[Opening The data section]

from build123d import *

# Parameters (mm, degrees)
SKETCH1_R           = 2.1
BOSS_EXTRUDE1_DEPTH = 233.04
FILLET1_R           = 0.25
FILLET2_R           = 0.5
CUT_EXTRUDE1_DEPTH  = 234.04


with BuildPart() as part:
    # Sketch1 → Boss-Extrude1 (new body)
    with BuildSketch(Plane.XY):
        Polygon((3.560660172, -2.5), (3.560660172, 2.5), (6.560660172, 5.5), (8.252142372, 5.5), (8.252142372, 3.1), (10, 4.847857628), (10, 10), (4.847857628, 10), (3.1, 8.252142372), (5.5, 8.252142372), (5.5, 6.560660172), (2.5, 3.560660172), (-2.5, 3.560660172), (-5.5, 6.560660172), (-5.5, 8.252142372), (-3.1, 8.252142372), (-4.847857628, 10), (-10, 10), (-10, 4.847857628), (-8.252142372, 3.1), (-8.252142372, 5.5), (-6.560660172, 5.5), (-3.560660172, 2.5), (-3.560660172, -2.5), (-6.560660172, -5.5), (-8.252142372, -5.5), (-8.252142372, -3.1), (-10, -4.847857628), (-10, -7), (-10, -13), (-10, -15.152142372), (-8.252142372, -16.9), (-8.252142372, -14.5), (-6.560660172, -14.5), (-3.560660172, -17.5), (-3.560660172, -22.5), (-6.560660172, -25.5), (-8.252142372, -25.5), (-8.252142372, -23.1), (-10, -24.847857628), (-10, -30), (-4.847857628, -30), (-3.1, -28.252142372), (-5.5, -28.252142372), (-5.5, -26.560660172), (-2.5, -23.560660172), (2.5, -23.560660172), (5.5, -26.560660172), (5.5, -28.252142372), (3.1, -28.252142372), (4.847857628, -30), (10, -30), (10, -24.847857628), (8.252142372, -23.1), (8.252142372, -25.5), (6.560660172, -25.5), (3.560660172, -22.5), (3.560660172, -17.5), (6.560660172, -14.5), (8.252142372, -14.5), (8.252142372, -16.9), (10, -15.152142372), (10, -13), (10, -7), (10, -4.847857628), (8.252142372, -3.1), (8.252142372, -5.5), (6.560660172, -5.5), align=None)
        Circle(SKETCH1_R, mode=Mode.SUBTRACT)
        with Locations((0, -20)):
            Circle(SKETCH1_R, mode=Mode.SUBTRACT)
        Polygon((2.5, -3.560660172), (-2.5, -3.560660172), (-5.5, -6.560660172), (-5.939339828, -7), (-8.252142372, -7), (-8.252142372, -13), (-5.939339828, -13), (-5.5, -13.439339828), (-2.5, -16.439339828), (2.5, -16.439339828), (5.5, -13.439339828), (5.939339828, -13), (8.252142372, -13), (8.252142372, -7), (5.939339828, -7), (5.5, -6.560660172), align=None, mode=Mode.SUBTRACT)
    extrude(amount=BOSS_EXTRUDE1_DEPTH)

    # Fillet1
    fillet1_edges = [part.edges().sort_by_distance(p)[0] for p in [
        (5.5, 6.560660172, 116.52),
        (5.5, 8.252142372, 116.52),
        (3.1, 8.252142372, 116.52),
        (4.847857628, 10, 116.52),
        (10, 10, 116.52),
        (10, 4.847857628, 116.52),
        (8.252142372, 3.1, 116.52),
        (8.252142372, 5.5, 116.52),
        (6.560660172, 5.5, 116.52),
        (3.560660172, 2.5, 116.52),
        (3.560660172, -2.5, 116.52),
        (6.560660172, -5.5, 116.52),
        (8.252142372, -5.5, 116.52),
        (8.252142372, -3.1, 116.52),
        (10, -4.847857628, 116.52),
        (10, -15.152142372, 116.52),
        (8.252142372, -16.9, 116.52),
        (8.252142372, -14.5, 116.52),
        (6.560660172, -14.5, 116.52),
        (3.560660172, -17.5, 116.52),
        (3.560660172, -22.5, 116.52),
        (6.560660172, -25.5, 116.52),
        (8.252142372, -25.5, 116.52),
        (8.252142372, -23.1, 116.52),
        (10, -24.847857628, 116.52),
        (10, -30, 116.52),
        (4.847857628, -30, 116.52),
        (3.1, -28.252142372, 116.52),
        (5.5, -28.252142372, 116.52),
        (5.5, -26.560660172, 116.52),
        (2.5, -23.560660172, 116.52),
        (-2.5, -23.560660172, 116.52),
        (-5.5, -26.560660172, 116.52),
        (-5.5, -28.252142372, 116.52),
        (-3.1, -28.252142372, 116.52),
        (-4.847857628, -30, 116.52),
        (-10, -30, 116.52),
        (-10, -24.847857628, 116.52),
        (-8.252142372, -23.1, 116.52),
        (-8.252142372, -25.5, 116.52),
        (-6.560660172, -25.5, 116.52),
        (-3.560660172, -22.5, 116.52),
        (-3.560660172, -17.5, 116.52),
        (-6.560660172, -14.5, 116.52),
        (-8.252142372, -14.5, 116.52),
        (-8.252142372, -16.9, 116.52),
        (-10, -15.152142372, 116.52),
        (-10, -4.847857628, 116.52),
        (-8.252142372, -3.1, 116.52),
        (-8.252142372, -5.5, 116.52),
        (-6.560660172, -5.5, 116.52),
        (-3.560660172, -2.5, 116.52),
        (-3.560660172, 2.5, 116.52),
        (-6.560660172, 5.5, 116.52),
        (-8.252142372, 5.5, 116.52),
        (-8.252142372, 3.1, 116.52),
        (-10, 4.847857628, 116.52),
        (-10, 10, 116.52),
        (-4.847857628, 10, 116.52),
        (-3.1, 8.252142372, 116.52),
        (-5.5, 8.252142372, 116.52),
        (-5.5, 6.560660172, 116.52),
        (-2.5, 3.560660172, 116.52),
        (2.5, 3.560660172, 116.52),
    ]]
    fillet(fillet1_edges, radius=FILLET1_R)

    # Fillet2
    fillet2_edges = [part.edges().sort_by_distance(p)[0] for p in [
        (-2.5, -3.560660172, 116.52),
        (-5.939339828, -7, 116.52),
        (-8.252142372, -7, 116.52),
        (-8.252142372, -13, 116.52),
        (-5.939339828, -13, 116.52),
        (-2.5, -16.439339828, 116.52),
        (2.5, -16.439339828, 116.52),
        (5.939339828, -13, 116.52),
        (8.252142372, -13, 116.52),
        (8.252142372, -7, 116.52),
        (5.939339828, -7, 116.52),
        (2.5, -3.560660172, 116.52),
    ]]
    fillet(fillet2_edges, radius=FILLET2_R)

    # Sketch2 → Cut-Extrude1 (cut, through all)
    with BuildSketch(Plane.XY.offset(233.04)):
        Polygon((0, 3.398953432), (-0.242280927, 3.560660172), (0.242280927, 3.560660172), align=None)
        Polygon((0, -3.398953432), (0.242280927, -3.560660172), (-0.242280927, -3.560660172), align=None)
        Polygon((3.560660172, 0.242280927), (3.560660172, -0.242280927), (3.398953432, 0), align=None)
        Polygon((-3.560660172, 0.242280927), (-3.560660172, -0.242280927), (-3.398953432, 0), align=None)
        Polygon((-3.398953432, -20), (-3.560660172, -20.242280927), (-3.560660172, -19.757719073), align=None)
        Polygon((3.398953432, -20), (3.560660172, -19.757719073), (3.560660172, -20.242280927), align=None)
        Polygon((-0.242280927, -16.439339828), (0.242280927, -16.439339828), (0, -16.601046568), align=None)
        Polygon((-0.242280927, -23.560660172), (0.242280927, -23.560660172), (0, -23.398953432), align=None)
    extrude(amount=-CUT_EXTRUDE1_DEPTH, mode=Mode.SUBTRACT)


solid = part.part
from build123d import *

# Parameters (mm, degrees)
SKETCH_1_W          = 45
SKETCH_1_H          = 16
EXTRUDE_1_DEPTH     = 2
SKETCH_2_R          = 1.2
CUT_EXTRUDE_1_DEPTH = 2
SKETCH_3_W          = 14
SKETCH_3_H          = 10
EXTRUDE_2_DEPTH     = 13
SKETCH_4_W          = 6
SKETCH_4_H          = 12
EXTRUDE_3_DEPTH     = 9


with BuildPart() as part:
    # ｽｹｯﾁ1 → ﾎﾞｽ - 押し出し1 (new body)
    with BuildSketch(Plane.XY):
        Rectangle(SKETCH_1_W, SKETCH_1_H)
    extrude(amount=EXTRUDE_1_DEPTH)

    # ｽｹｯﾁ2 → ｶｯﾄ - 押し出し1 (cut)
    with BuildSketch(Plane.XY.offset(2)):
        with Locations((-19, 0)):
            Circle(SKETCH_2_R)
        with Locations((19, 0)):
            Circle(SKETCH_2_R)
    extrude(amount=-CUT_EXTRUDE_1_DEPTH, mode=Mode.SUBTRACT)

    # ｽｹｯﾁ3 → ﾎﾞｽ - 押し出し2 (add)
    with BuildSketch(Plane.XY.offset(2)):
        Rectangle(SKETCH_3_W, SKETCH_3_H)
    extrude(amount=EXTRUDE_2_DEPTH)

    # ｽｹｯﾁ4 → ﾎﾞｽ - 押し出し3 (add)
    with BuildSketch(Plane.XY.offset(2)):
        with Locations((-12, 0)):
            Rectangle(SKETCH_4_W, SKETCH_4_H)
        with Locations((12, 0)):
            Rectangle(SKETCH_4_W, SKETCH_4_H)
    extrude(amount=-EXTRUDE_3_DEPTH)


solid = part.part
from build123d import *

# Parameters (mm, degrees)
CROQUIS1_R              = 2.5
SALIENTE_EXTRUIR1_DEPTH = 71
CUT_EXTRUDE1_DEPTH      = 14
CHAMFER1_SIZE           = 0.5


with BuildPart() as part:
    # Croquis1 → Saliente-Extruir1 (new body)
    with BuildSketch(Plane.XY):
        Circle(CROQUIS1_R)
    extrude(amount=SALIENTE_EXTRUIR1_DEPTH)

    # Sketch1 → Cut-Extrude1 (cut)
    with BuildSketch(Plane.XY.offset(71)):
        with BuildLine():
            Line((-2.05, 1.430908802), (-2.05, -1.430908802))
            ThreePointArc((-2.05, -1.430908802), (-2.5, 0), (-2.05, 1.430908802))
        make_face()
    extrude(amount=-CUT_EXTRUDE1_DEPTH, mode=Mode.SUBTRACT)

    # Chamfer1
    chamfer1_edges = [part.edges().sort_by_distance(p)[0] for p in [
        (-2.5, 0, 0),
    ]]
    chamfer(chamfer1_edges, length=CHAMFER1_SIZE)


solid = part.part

[Closing The data section]

Work instructions:
For each line above that contains the word "radius", give the line as it is written.

Result for this task:
    fillet(fillet1_edges, radius=FILLET1_R)
    fillet(fillet2_edges, radius=FILLET2_R)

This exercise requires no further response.